Appellant argues that the case of Rittenhouse & Embree Co. v. Brown & Co. supra, is not in point; that the lumber for which a lien was there denied was only used temporarily for concrete moulds and forms, and, while depreciated in value by such use, was taken away by the contractor, and that therefore the case is readily distinguishable from the authorities of other jurisdictions which allow a lien where material, though employed as a means in the process of construction, is consumed in such process, and upon that theory is held to have entered into the construction of the improvement. Cases are cited in which, on the same theory, a lien was allowed for coal furnished in heating and drying a building; (Crowell Lumber and Grain Co. v. Ryan, (Neb.) 193 N. W. 609;) for gunpowder used in preparing ground for the building of an aqueduct; (Samson Co. v. Commonwealth, 202 Mass. 326;) for dynamite used in blasting ground for a railroad; (Schaghticoke Powder Co. v. Greenwich and Johnsonville Railway Co. 183 N. Y. 306;) for explosives used in excavating' tunnels through rock; (Hercules Powder Co. v. Railroad Co. 113 Tenn. 382;) for electricity used in illuminating a mine to enable laborers to work therein; (Grants Pass Trust Co. v. Enterprise Mining Co. 58 Ore. 174;) and for lumber, so far as consumed in the construction of a cofferdam to hold back water during the building of a permanent dam. (Barker & Stewart Lumber Co. v. Marathon Paper Mills Co. 146 Wis. 12.) These authorities, while very instructive, are not necessarily persuasive. The provisions of mechanic’s lien statutes of other States vary from our own, hence the decisions under them afford little assistance in determining the question here involved. Usually the courts in those States have not applied, as is true here, the rule of strict construction in the interpretation of those statutes.

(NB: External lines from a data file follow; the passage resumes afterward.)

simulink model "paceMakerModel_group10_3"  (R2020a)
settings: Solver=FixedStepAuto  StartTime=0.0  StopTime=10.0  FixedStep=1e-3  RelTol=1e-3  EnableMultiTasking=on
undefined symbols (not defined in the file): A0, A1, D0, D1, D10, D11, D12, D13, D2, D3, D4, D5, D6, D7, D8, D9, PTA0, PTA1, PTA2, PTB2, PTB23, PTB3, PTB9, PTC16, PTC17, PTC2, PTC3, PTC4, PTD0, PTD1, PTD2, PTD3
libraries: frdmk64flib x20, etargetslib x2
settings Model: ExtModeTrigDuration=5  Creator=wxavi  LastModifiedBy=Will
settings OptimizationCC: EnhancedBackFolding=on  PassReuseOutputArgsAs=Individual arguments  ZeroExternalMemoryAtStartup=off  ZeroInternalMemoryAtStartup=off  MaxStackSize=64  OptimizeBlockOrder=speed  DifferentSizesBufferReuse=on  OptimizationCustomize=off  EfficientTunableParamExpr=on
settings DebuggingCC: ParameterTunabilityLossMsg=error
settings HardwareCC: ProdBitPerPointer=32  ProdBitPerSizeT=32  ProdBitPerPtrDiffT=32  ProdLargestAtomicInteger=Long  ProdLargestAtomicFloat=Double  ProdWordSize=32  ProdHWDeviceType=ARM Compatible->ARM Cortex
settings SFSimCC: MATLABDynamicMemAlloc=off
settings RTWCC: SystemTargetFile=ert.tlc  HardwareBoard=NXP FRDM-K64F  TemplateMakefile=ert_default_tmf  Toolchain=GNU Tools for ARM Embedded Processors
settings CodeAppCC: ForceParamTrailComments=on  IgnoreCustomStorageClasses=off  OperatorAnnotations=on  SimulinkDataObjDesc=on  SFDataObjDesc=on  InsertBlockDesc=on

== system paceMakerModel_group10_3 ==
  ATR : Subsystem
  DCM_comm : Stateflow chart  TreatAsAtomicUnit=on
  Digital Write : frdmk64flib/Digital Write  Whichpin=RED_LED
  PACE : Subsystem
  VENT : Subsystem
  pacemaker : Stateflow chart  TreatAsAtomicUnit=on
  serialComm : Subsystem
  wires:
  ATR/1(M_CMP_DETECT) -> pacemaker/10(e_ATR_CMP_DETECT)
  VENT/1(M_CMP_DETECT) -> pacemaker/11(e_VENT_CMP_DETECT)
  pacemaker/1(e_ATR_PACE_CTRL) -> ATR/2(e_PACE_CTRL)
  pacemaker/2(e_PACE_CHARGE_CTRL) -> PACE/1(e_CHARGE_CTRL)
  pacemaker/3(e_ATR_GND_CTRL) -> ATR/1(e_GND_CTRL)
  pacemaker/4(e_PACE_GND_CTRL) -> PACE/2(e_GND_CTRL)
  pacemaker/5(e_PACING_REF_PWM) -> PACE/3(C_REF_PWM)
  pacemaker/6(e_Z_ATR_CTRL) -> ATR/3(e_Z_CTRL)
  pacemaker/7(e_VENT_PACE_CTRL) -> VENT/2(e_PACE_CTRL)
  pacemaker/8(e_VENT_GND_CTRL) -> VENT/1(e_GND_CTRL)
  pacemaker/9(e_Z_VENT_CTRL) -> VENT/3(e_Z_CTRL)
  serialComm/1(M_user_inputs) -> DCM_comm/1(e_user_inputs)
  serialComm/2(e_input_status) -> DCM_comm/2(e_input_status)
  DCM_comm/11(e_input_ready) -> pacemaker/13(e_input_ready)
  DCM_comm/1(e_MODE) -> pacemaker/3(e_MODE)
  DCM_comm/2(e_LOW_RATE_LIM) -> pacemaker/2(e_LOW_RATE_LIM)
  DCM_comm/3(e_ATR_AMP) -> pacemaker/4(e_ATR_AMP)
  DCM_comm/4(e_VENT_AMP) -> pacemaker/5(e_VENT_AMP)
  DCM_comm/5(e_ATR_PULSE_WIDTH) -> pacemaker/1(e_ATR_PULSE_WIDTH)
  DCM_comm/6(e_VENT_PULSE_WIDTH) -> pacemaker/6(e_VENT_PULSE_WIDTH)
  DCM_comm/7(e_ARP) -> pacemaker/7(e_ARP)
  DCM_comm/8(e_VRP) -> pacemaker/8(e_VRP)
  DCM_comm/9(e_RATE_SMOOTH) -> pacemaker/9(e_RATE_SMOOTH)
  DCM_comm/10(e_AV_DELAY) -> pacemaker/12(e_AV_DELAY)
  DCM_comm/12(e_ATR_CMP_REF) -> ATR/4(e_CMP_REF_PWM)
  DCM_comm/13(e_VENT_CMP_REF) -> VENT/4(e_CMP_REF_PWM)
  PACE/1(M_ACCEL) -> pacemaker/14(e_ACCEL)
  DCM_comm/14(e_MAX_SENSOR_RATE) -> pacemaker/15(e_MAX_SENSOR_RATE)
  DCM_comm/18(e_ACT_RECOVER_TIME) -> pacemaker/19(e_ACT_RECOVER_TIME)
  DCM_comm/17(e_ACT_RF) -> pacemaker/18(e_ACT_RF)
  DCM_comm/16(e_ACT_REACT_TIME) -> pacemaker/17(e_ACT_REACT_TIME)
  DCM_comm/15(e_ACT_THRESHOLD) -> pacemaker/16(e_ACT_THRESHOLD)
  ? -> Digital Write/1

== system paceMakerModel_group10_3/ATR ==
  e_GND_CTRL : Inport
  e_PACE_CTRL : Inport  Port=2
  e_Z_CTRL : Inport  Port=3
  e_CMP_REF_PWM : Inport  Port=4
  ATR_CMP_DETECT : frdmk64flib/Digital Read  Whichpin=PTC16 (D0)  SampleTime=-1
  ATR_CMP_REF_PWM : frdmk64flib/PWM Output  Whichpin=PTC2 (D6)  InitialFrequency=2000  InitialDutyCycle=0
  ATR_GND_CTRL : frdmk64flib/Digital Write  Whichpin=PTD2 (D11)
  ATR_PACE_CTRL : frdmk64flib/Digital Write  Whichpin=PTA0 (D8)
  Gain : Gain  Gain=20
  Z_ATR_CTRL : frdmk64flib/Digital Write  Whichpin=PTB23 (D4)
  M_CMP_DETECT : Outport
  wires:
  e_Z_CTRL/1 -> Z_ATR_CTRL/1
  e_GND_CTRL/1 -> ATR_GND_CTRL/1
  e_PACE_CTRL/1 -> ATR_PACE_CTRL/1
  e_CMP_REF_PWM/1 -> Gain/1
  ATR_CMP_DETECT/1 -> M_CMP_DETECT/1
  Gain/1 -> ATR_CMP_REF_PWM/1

Appellant urges that he took into consideration the items for public liability and workmen’s compensation insurance in fixing the contract price. These items do not constitute either labor or material, nor can they be made one or the other by computing them as a part of the wages paid or of the contract price. The lien is provided by statute and not by contract, and unless the statute, under the rule of strict construction, creates the lien none can be asserted or maintained. The remedy by mechanic’s lien is in addition to the ordinary remedies afforded by the common law and is a privilege, enjoyed by one class of the community above other classes. A party seeking to enforce such a lien must bring himself strictly within the terms of the statute. Freeman v. Rinaker, supra; Provost v. Shirk, supra.
The judgment of the Appellate Court is affirmed.
Judgment affirmed.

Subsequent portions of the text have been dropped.